In theory, net load is the portion of the load served by fossil-fueled generation that has the highest short-run operating costs, and therefore is “marginal.” The infamous “duck curve” shown above depicts the net load (not the metered load.) Yet, the marginal energy generation for most load is no longer served by natural gas; it is now met by renewable energy contracts. The utilities’ net load approach ignores the bulk of their true marginal costs to serve added load, which arise from procuring renewables.[1] The IOUs’ resource procurement has been dominated by adding solar, wind, biofuels, and other renewables since at least 2006 to meet the state’s renewable portfolio standard (RPS), first at 20 percent, then 33 percent, and soon 50 percent.

The tunnel-vision focus on net, rather than the entire, load is especially problematic in the context of State policy to phase-down fossil fuel generation. Eventually, natural gas production will even more significantly diminish, and could disappear from the grid entirely, leaving no price-setting metric under this paradigm. Insistence on the net load approach in the face of this transformation is akin to evaluating the economics of ridesharing based on the exclusive cost of taxis, without consideration of Uber® and Lyft®.

Once fossil-fuel resources are used minimally – an explicit state goal reflected in SB 350 – and potentially no longer on the margin, it is unclear what price benchmark the utilities will propose to set time-variant rates.  Continuing the trend toward fewer fossil-fuel resources is already reflected in pending legislation in Sacramento that proposes a clean-peak standard – AB 1405[2] – and a 100 percent Renewable Portfolio Standard—SB 584.[3] Relying solely on the cost of generation resources that State policy plans to phaseout to define TOU periods is inconsistent with good, long-term, ratemaking principles.  Instead, marginal energy generation costs should be calculated, at least in part, from a set of recent RPS-eligible PPAs, weighted by time of delivery.

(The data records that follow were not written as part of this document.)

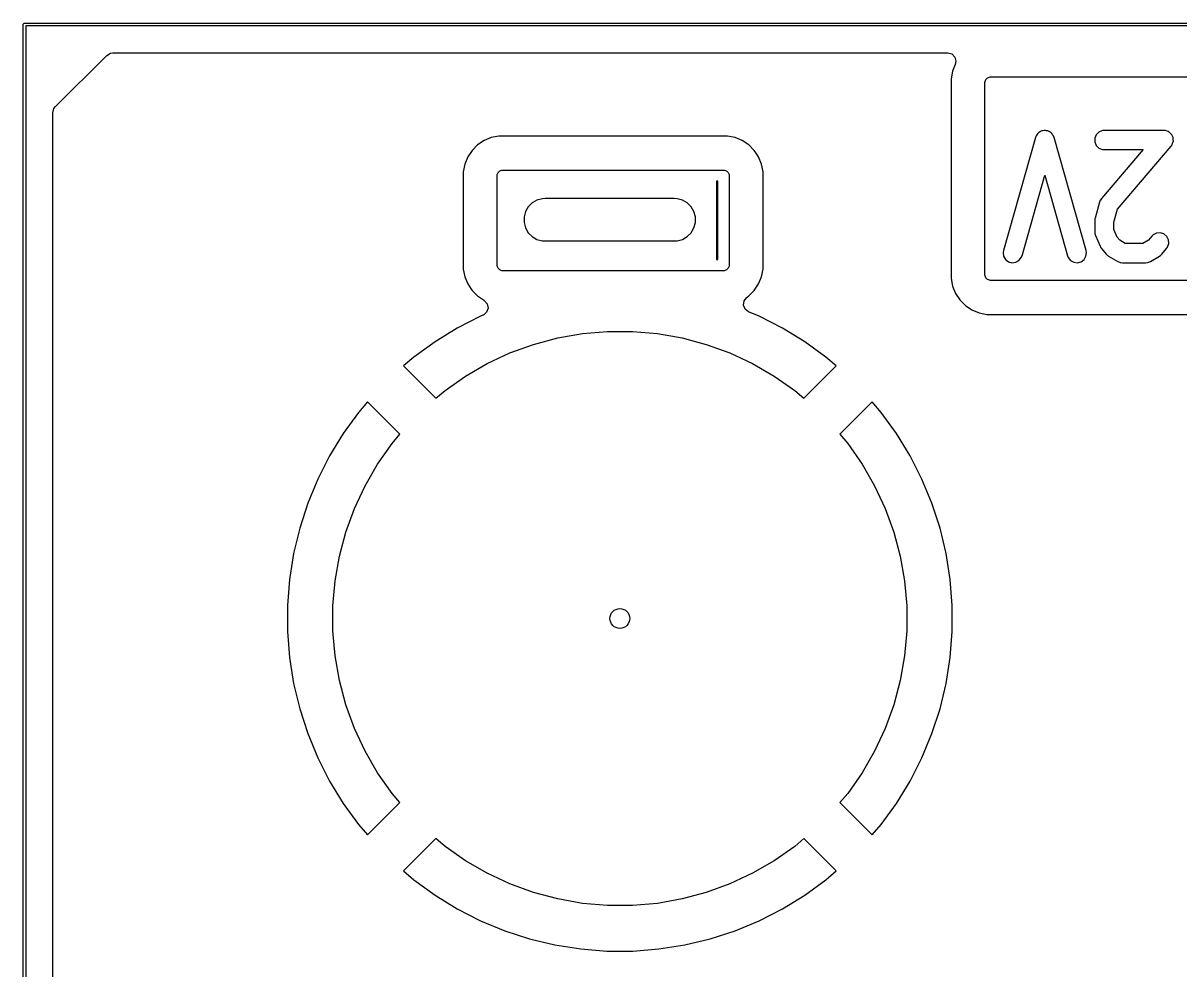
# Model space of a CAD drawing. Extents: x 70.6 to 149.6, y -117.6 to -52.5.
# Drawn here: x 70.56 to 91.02, y -69.26 to -52.53 of the extents above; entities that cross this region are included whole.
import ezdxf

# ---------------------------------------------------------------- set-up
doc = ezdxf.new("R2010")
doc.units = 0
doc.layers.add('BLACK', color=7, linetype='CONTINUOUS')

msp = doc.modelspace()

# ---------------------------------------------------------------- linework, layer by layer
at = {"layer": 'BLACK', "linetype": 'CONTINUOUS'}
for p, q in [((70.56334, -52.55117), (70.565243, -52.541603)), ((70.56334, -117.55117), (70.56334, -52.55117)), ((70.565243, -52.541603), (70.578773, -52.528073)), ((70.578773, -52.528073), (70.58834, -52.52617)), ((70.58834, -52.52617), (149.58834, -52.52617)), ((70.61334, -52.57617), (70.61334, -117.52617)), ((149.56334, -52.57617), (70.61334, -52.57617)), ((71.132481, -54.007029), (72.044199, -53.095311)), ((72.044199, -53.095311), (72.110994, -53.056747)), ((72.110994, -53.056747), (72.149558, -53.05167)), ((72.149558, -53.05167), (86.913141, -53.05167)), ((86.913141, -53.05167), (86.987641, -53.071632)), ((86.987641, -53.071632), (87.042179, -53.12617)), ((87.042179, -53.12617), (87.062141, -53.20067)), ((87.003015, -53.37305), (86.976096, -53.508382)), ((87.050799, -53.25769), (87.003015, -53.37305)), ((87.062141, -53.20067), (87.050799, -53.25769)), ((86.976096, -53.508382), (86.976096, -57.042825)), ((87.576596, -53.577376), (87.578517, -53.557867)), ((87.576596, -56.973832), (87.576596, -53.577376)), ((87.578517, -53.557867), (87.593449, -53.521819)), ((87.593449, -53.521819), (87.621039, -53.494229)), ((87.621039, -53.494229), (87.657087, -53.479297)), ((87.657087, -53.479297), (87.676596, -53.477376)), ((87.676596, -53.477376), (103.751749, -53.477376)), ((71.108802, -54.037888), (71.132481, -54.007029)), ((71.08884, -54.112388), (71.108802, -54.037888)), ((71.08884, -62.820151), (71.08884, -54.112388)), ((88.62102, -54.423453), (88.601934, -54.42886)), ((88.634563, -54.425039), (88.62102, -54.423453)), ((88.648106, -54.423453), (88.634563, -54.425039)), ((88.667191, -54.42886), (88.648106, -54.423453)), ((89.686944, -54.422912), (89.653779, -54.426179)), ((90.739325, -54.422912), (89.686944, -54.422912)), ((90.754469, -54.424403), (90.739325, -54.422912)), ((90.758907, -54.424044), (90.754469, -54.424403)), ((90.762468, -54.425191), (90.758907, -54.424044)), ((78.716515, -54.602091), (78.601792, -54.678747)), ((78.716521, -54.602088), (78.716515, -54.602091)), ((78.844001, -54.549284), (78.716521, -54.602088)), ((78.844005, -54.549283), (78.844001, -54.549284)), ((78.979338, -54.522364), (78.844005, -54.549283)), ((79.117324, -54.522364), (78.979338, -54.522364)), ((83.020085, -54.522364), (79.117324, -54.522364)), ((83.155417, -54.549283), (83.020085, -54.522364)), ((83.155421, -54.549284), (83.155417, -54.549283)), ((83.282901, -54.602088), (83.155421, -54.549284)), ((83.282907, -54.602091), (83.282901, -54.602088)), ((83.39763, -54.678747), (83.282907, -54.602091)), ((88.471001, -54.54657), (87.904334, -56.54657)), ((88.472592, -54.542519), (88.471001, -54.54657)), ((88.47282, -54.540574), (88.472592, -54.542519)), ((88.474628, -54.537334), (88.47282, -54.540574)), ((88.483186, -54.515552), (88.474628, -54.537334)), ((88.495484, -54.499989), (88.483186, -54.515552)), ((88.505161, -54.482662), (88.495484, -54.499989)), ((88.515859, -54.474207), (88.505161, -54.482662)), ((88.524313, -54.46351), (88.515859, -54.474207)), ((88.541638, -54.453834), (88.524313, -54.46351)), ((88.557202, -54.441535), (88.541638, -54.453834)), ((88.570316, -54.437819), (88.557202, -54.441535)), ((88.582225, -54.431169), (88.570316, -54.437819)), ((88.601934, -54.42886), (88.582225, -54.431169)), ((88.686901, -54.431169), (88.667191, -54.42886)), ((88.698809, -54.437819), (88.686901, -54.431169)), ((88.711924, -54.441535), (88.698809, -54.437819)), ((88.727487, -54.453834), (88.711924, -54.441535)), ((88.744813, -54.46351), (88.727487, -54.453834)), ((88.753267, -54.474207), (88.744813, -54.46351)), ((88.763965, -54.482662), (88.753267, -54.474207)), ((88.773639, -54.499986), (88.763965, -54.482662)), ((88.78594, -54.515551), (88.773639, -54.499986)), ((88.794498, -54.537338), (88.78594, -54.515551)), ((88.796306, -54.540575), (88.794498, -54.537338)), ((88.796533, -54.542519), (88.796306, -54.540575)), ((88.798125, -54.54657), (88.796533, -54.542519)), ((89.364791, -56.546569), (88.798125, -54.54657)), ((89.545594, -54.498465), (89.520211, -54.559747)), ((89.520211, -54.559747), (89.520211, -54.626077)), ((89.520211, -54.626077), (89.545594, -54.687359)), ((89.592497, -54.451562), (89.545594, -54.498465)), ((89.653779, -54.426179), (89.592497, -54.451562)), ((90.77249, -54.426179), (90.762468, -54.425191)), ((90.796898, -54.436288), (90.77249, -54.426179)), ((90.822039, -54.444392), (90.796898, -54.436288)), ((90.82734, -54.448897), (90.822039, -54.444392)), ((90.833772, -54.451562), (90.82734, -54.448897)), ((90.852459, -54.470249), (90.833772, -54.451562)), ((90.872579, -54.487351), (90.852459, -54.470249)), ((90.875752, -54.493542), (90.872579, -54.487351)), ((90.880675, -54.498465), (90.875752, -54.493542)), ((90.890783, -54.52287), (90.880675, -54.498465)), ((90.902833, -54.54638), (90.890783, -54.52287)), ((90.895948, -54.650483), (90.906058, -54.626077)), ((90.903395, -54.553319), (90.902833, -54.54638)), ((90.906058, -54.559747), (90.903395, -54.553319)), ((90.906058, -54.586159), (90.906058, -54.559747)), ((90.908193, -54.612494), (90.906058, -54.586159)), ((90.906058, -54.619118), (90.908193, -54.612494)), ((90.906058, -54.626077), (90.906058, -54.619118)), ((78.504214, -54.776325), (78.427558, -54.891048)), ((78.50422, -54.776318), (78.504214, -54.776325)), ((78.601785, -54.678753), (78.50422, -54.776318)), ((78.601792, -54.678747), (78.601785, -54.678753)), ((83.397634, -54.67875), (83.39763, -54.678747)), ((83.495206, -54.776322), (83.397634, -54.67875)), ((83.495208, -54.776325), (83.495206, -54.776322)), ((83.528513, -54.82617), (83.495208, -54.776325)), ((83.571867, -54.891053), (83.528513, -54.82617)), ((89.545594, -54.687359), (89.592497, -54.734262)), ((89.592497, -54.734262), (89.653779, -54.759645)), ((90.37171, -54.762912), (89.638367, -55.62567)), ((89.653779, -54.759645), (89.686944, -54.762912)), ((89.686944, -54.762912), (90.37171, -54.762912)), ((89.921376, -55.817693), (90.868855, -54.703012)), ((90.868855, -54.703012), (90.877525, -54.690508)), ((90.877525, -54.690508), (90.880675, -54.687359)), ((90.880675, -54.687359), (90.882107, -54.683901)), ((90.882107, -54.683901), (90.887845, -54.675627)), ((90.887845, -54.675627), (90.895948, -54.650483)), ((78.37475, -55.018538), (78.347831, -55.15387)), ((78.374751, -55.018534), (78.37475, -55.018538)), ((78.427555, -54.891054), (78.374751, -55.018534)), ((78.427558, -54.891048), (78.427555, -54.891054)), ((83.624672, -55.018536), (83.571867, -54.891053)), ((83.651592, -55.153871), (83.624672, -55.018536)), ((78.347831, -55.15387), (78.347831, -56.874057)), ((78.948331, -55.222864), (78.950252, -55.203355)), ((78.948331, -56.805064), (78.948331, -55.222864)), ((78.950252, -55.203355), (78.965184, -55.167307)), ((78.965184, -55.167307), (78.992774, -55.139717)), ((78.992774, -55.139717), (79.028822, -55.124785)), ((79.028822, -55.124785), (79.048331, -55.122864)), ((79.048331, -55.122864), (82.951092, -55.122864)), ((82.951092, -55.122864), (82.970601, -55.124785)), ((82.970601, -55.124785), (83.006649, -55.139717)), ((83.006649, -55.139717), (83.034239, -55.167307)), ((83.034239, -55.167307), (83.049171, -55.203355)), ((83.049171, -55.203355), (83.051092, -55.222864)), ((83.051092, -55.222864), (83.051092, -56.805064)), ((83.651592, -56.874057), (83.651592, -55.153871)), ((88.231458, -56.639254), (88.634562, -55.21653)), ((88.634562, -55.21653), (89.037668, -56.639254)), ((82.828553, -55.322864), (82.828553, -56.705064)), ((82.851092, -55.322864), (82.828553, -55.322864)), ((82.851092, -56.705064), (82.851092, -55.322864)), ((79.747099, -55.630378), (79.65254, -55.655715)), ((79.796046, -55.62717), (79.747099, -55.630378)), ((82.081761, -55.62717), (79.796046, -55.62717)), ((82.130708, -55.630378), (82.081761, -55.62717)), ((82.225267, -55.655715), (82.130708, -55.630378)), ((89.638367, -55.62567), (89.619377, -55.653055)), ((79.498538, -55.773884), (79.449591, -55.858664)), ((79.56776, -55.704662), (79.498538, -55.773884)), ((79.65254, -55.655715), (79.56776, -55.704662)), ((82.310047, -55.704662), (82.225267, -55.655715)), ((82.379269, -55.773884), (82.310047, -55.704662)), ((82.428216, -55.858664), (82.379269, -55.773884)), ((89.604336, -55.689427), (89.523383, -55.975141)), ((89.61652, -55.658409), (89.604336, -55.689427)), ((89.61843, -55.655991), (89.61652, -55.658409)), ((89.619377, -55.653055), (89.61843, -55.655991)), ((89.856944, -56.045101), (89.921376, -55.817693)), ((79.449591, -55.858664), (79.424254, -55.953223)), ((79.424254, -55.953223), (79.424254, -56.051117)), ((79.424254, -56.051117), (79.449591, -56.145676)), ((82.453553, -55.953223), (82.428216, -55.858664)), ((82.428216, -56.145676), (82.453553, -56.051117)), ((82.453553, -56.051117), (82.453553, -55.953223)), ((89.517915, -56.011619), (89.516944, -56.021484)), ((89.516944, -56.021484), (89.516944, -56.21196)), ((89.519238, -55.998187), (89.517485, -56.007941)), ((89.517485, -56.007941), (89.517915, -56.011619)), ((89.520211, -55.988319), (89.519238, -55.998187)), ((89.521628, -55.984895), (89.520211, -55.988319)), ((89.523383, -55.975141), (89.521628, -55.984895)), ((89.856944, -56.177333), (89.856944, -56.045101)), ((79.449591, -56.145676), (79.498538, -56.230456)), ((79.498538, -56.230456), (79.56776, -56.299678)), ((82.310047, -56.299678), (82.379269, -56.230456)), ((82.379269, -56.230456), (82.428216, -56.145676)), ((89.516944, -56.21196), (89.520211, -56.245125)), ((89.520211, -56.245125), (89.520514, -56.245858)), ((89.520514, -56.245858), (89.520522, -56.246654)), ((89.520522, -56.246654), (89.530488, -56.278454)), ((89.914213, -56.312085), (89.856944, -56.177333)), ((90.611841, -56.238928), (90.552812, -56.269182)), ((90.677955, -56.233567), (90.611841, -56.238928)), ((90.741087, -56.253916), (90.677955, -56.233567)), ((90.791627, -56.296875), (90.741087, -56.253916)), ((79.56776, -56.299678), (79.65254, -56.348625)), ((79.65254, -56.348625), (79.747099, -56.373962)), ((79.747099, -56.373962), (79.796046, -56.37717)), ((79.796046, -56.37717), (82.081761, -56.37717)), ((82.081761, -56.37717), (82.130708, -56.373962)), ((82.130708, -56.373962), (82.225267, -56.348625)), ((82.225267, -56.348625), (82.310047, -56.299678)), ((89.530488, -56.278454), (89.611441, -56.46893)), ((89.611441, -56.46893), (89.618044, -56.481015)), ((89.959786, -56.3657), (89.914213, -56.312085)), ((90.057046, -56.422912), (89.959786, -56.3657)), ((90.369224, -56.422912), (90.057046, -56.422912)), ((90.466483, -56.3657), (90.369224, -56.422912)), ((90.528843, -56.292336), (90.466483, -56.3657)), ((90.552812, -56.269182), (90.528843, -56.292336)), ((90.821881, -56.355904), (90.791627, -56.296875)), ((90.806893, -56.48515), (90.827242, -56.422018)), ((90.827242, -56.422018), (90.821881, -56.355904)), ((87.904334, -56.54657), (87.898437, -56.579369)), ((87.898437, -56.579369), (87.906153, -56.64525)), ((87.906153, -56.64525), (87.938494, -56.703162)), ((88.178146, -56.722314), (88.219273, -56.670273)), ((88.219273, -56.670273), (88.231458, -56.639254)), ((89.037668, -56.639254), (89.049853, -56.670272)), ((89.049853, -56.670272), (89.09098, -56.722314)), ((89.330632, -56.703162), (89.362973, -56.645249)), ((89.362973, -56.645249), (89.370689, -56.579369)), ((89.370689, -56.579369), (89.364791, -56.546569)), ((89.618044, -56.481015), (89.619377, -56.48515)), ((89.619377, -56.48515), (89.623745, -56.49145)), ((89.623745, -56.49145), (89.62742, -56.498175)), ((89.62742, -56.498175), (89.630518, -56.501216)), ((89.630518, -56.501216), (89.638367, -56.512536)), ((89.638367, -56.512536), (89.719319, -56.607774)), ((89.719319, -56.607774), (89.733085, -56.621072)), ((89.733085, -56.621072), (89.735726, -56.624572)), ((89.735726, -56.624572), (89.739729, -56.62749)), ((89.739729, -56.62749), (89.743288, -56.630928)), ((89.743288, -56.630928), (89.747185, -56.632925)), ((89.747185, -56.632925), (89.762656, -56.644203)), ((89.762656, -56.644203), (89.924561, -56.739441)), ((90.501709, -56.739441), (90.663614, -56.644203)), ((90.663614, -56.644203), (90.679084, -56.632925)), ((90.679084, -56.632925), (90.682982, -56.630928)), ((90.682982, -56.630928), (90.68654, -56.62749)), ((90.68654, -56.62749), (90.690544, -56.624572)), ((90.690544, -56.624572), (90.693184, -56.621072)), ((90.693184, -56.621072), (90.706951, -56.607774)), ((90.706951, -56.607774), (90.787903, -56.512536)), ((90.787903, -56.512536), (90.806893, -56.48515)), ((78.347831, -56.874057), (78.37475, -57.009389)), ((78.950252, -56.824573), (78.948331, -56.805064)), ((78.965184, -56.860621), (78.950252, -56.824573)), ((78.992774, -56.888211), (78.965184, -56.860621)), ((82.828553, -56.705064), (82.851092, -56.705064)), ((83.034239, -56.860621), (83.006649, -56.888211)), ((83.049171, -56.824573), (83.034239, -56.860621)), ((83.051092, -56.805064), (83.049171, -56.824573)), ((83.624672, -57.009392), (83.651592, -56.874057)), ((87.938494, -56.703162), (87.990535, -56.744289)), ((87.990535, -56.744289), (88.054353, -56.762371)), ((88.054353, -56.762371), (88.120234, -56.754655)), ((88.120234, -56.754655), (88.178146, -56.722314)), ((89.09098, -56.722314), (89.148892, -56.754655)), ((89.148892, -56.754655), (89.214773, -56.762371)), ((89.214773, -56.762371), (89.278591, -56.744289)), ((89.278591, -56.744289), (89.330632, -56.703162)), ((89.924561, -56.739441), (89.954803, -56.75344)), ((89.954803, -56.75344), (89.966591, -56.755089)), ((89.966591, -56.755089), (89.977589, -56.759645)), ((89.977589, -56.759645), (90.010754, -56.762912)), ((90.010754, -56.762912), (90.415516, -56.762912)), ((90.415516, -56.762912), (90.448681, -56.759645)), ((90.448681, -56.759645), (90.459678, -56.755089)), ((90.459678, -56.755089), (90.471467, -56.75344)), ((90.471467, -56.75344), (90.501709, -56.739441)), ((78.37475, -57.009389), (78.374751, -57.009393)), ((78.374751, -57.009393), (78.427555, -57.136873)), ((79.028822, -56.903143), (78.992774, -56.888211)), ((79.048331, -56.905064), (79.028822, -56.903143)), ((82.951092, -56.905064), (79.048331, -56.905064)), ((82.970601, -56.903143), (82.951092, -56.905064)), ((83.006649, -56.888211), (82.970601, -56.903143)), ((83.571867, -57.136875), (83.624672, -57.009392)), ((86.976096, -57.042825), (87.003015, -57.178157)), ((87.578517, -56.993341), (87.576596, -56.973832)), ((87.593449, -57.029389), (87.578517, -56.993341)), ((87.621039, -57.056979), (87.593449, -57.029389)), ((87.657087, -57.071911), (87.621039, -57.056979)), ((87.676596, -57.073832), (87.657087, -57.071911)), ((103.751749, -57.073832), (87.676596, -57.073832)), ((78.427555, -57.136873), (78.427558, -57.136879)), ((78.427558, -57.136879), (78.490588, -57.231209)), ((78.490588, -57.231209), (78.504217, -57.251606)), ((78.504217, -57.251606), (78.601789, -57.349178)), ((83.397634, -57.349178), (83.495206, -57.251606)), ((83.495206, -57.251606), (83.571867, -57.136875)), ((87.003015, -57.178157), (87.003016, -57.178161)), ((87.003016, -57.178161), (87.05582, -57.305641)), ((78.601789, -57.349178), (78.708335, -57.42037)), ((78.708335, -57.42037), (78.721004, -57.428835)), ((78.721004, -57.428835), (78.771858, -57.486823)), ((78.771858, -57.486823), (78.786905, -57.56247)), ((83.304267, -57.511505), (83.314334, -57.435037)), ((83.314334, -57.435037), (83.361287, -57.373847)), ((83.361287, -57.373847), (83.369185, -57.368187)), ((83.369185, -57.368187), (83.397634, -57.349178)), ((87.05582, -57.305641), (87.055823, -57.305647)), ((87.055823, -57.305647), (87.132479, -57.42037)), ((87.132479, -57.42037), (87.132482, -57.420374)), ((87.132482, -57.420374), (87.230054, -57.517946)), ((78.695247, -57.690381), (78.654719, -57.707169)), ((78.704125, -57.686358), (78.695247, -57.690381)), ((78.762113, -57.635504), (78.704125, -57.686358)), ((78.786905, -57.56247), (78.762113, -57.635504)), ((83.333782, -57.582762), (83.304267, -57.511505)), ((83.394972, -57.629715), (83.333782, -57.582762)), ((83.581956, -57.707167), (83.394972, -57.629715)), ((87.230054, -57.517946), (87.230057, -57.517948)), ((87.230057, -57.517948), (87.34478, -57.594604)), ((87.34478, -57.594604), (87.344782, -57.594605)), ((87.344782, -57.594605), (87.344785, -57.594607)), ((87.344785, -57.594607), (87.472268, -57.647412)), ((87.472268, -57.647412), (87.607603, -57.674332)), ((87.607603, -57.674332), (103.820742, -57.674332)), ((78.654707, -57.707174), (78.243047, -57.916925)), ((78.654719, -57.707169), (78.654707, -57.707174)), ((83.581972, -57.707174), (83.581956, -57.707167)), ((83.993632, -57.916925), (83.581972, -57.707174)), ((78.243047, -57.916925), (77.849071, -58.158352)), ((79.590755, -58.206288), (80.018827, -58.091586)), ((80.018827, -58.091586), (80.455267, -58.01463)), ((80.455267, -58.01463), (80.896754, -57.976005)), ((80.896754, -57.976005), (81.339926, -57.976005)), ((81.339926, -57.976005), (81.781413, -58.01463)), ((81.781413, -58.01463), (82.217853, -58.091586)), ((82.217853, -58.091586), (82.645925, -58.206288)), ((84.387608, -58.158352), (83.993632, -57.916925)), ((77.849071, -58.158352), (77.475259, -58.429943)), ((79.174308, -58.357862), (79.590755, -58.206288)), ((82.645925, -58.206288), (83.062372, -58.357862)), ((84.76142, -58.429942), (84.387608, -58.158352)), ((77.475259, -58.429943), (77.290935, -58.587369)), ((78.772657, -58.545155), (79.174308, -58.357862)), ((83.062372, -58.357862), (83.464023, -58.545155)), ((84.945744, -58.587369), (84.76142, -58.429942)), ((77.290935, -58.587369), (77.861984, -59.158418)), ((78.388858, -58.766741), (78.772657, -58.545155)), ((83.464023, -58.545155), (83.847822, -58.766741)), ((84.374694, -59.158418), (84.945744, -58.587369)), ((78.025832, -59.020935), (78.388858, -58.766741)), ((83.847822, -58.766741), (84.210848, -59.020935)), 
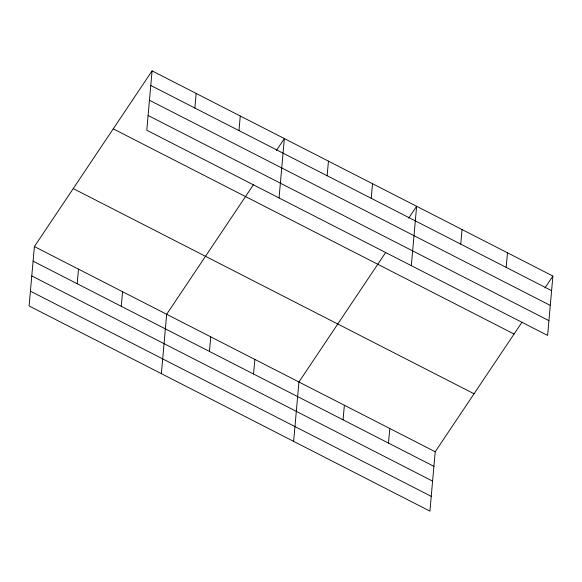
<?xml version="1.0" encoding="UTF-8"?>
<svg xmlns="http://www.w3.org/2000/svg" width="582" height="582" viewBox="0 0 582 582"><rect width="100%" height="100%" fill="white"/><g stroke="black" fill="none" stroke-linecap="round" stroke-linejoin="round"><path stroke-width="0.87" d="M152.084 70.873L146.788 130.244L547.604 335.428L552.9 276.05L152.084 70.873L34.396 246.572L29.1 305.95L429.916 511.127L435.212 451.756L522.032 322.137M77.188 283.732L78.49 269.146M121.274 306.299L122.576 291.713M161.367 373.659L166.67 314.28L253.483 184.669M194.875 108.026L196.178 93.44M209.455 351.441L210.757 336.854M238.962 130.601L240.264 116.014M253.541 374.008L254.843 359.421M279.054 197.96L284.358 138.581L276.392 150.476M293.634 441.367L298.937 381.988L385.75 252.377M327.142 175.742L328.444 161.156M343.06 419.833L344.362 405.247M371.236 198.309L372.531 183.723M388.485 443.084L389.787 428.498M411.321 265.668L416.625 206.29L408.659 218.185M460.748 244.134L462.05 229.548M506.173 267.385L507.475 252.799M544.934 287.945L552.9 276.05M150.789 85.459L551.598 290.644M149.465 100.242L550.281 305.419M148.104 115.469L548.921 320.646M113.25 128.855L514.066 334.032M73.237 188.59L474.046 393.774M34.396 246.572L435.212 451.756M33.094 261.158L433.91 466.342M31.777 275.941L432.593 481.118M30.417 291.167L431.233 496.344"/></g></svg>

Likewise, the marginal energy costs derived using the net load method, which drive the proposed shifts in TOU periods, reflect less than one-third of total average utility rates. The IOUs do not explain why cost differences within a modest component of overall rates should steer determination of TOU periods.

Further, it is not clear why the California Public Utilities Commission (CPUC) should rely on a speculative forecast about load shapes in 2024—seven years from now—to set today’s TOU periods. As the CPUC is well aware, the electricity system is changing rapidly along many dimensions. Infusion of utility-scale renewables, which is driving the IOUs’ rate analyses, is but one factor. Increasing amounts of storage and electric vehicles, shifting work patterns, and other social and economic factors will substantially influence load profiles over the next decade. In 2006, few energy experts foresaw stagnant, or even falling, electricity demand; there is even greater uncertainty today.

[1]This perspective excludes contributions made by utility-scale renewables that meet most of the remaining load, and by customer-side resources.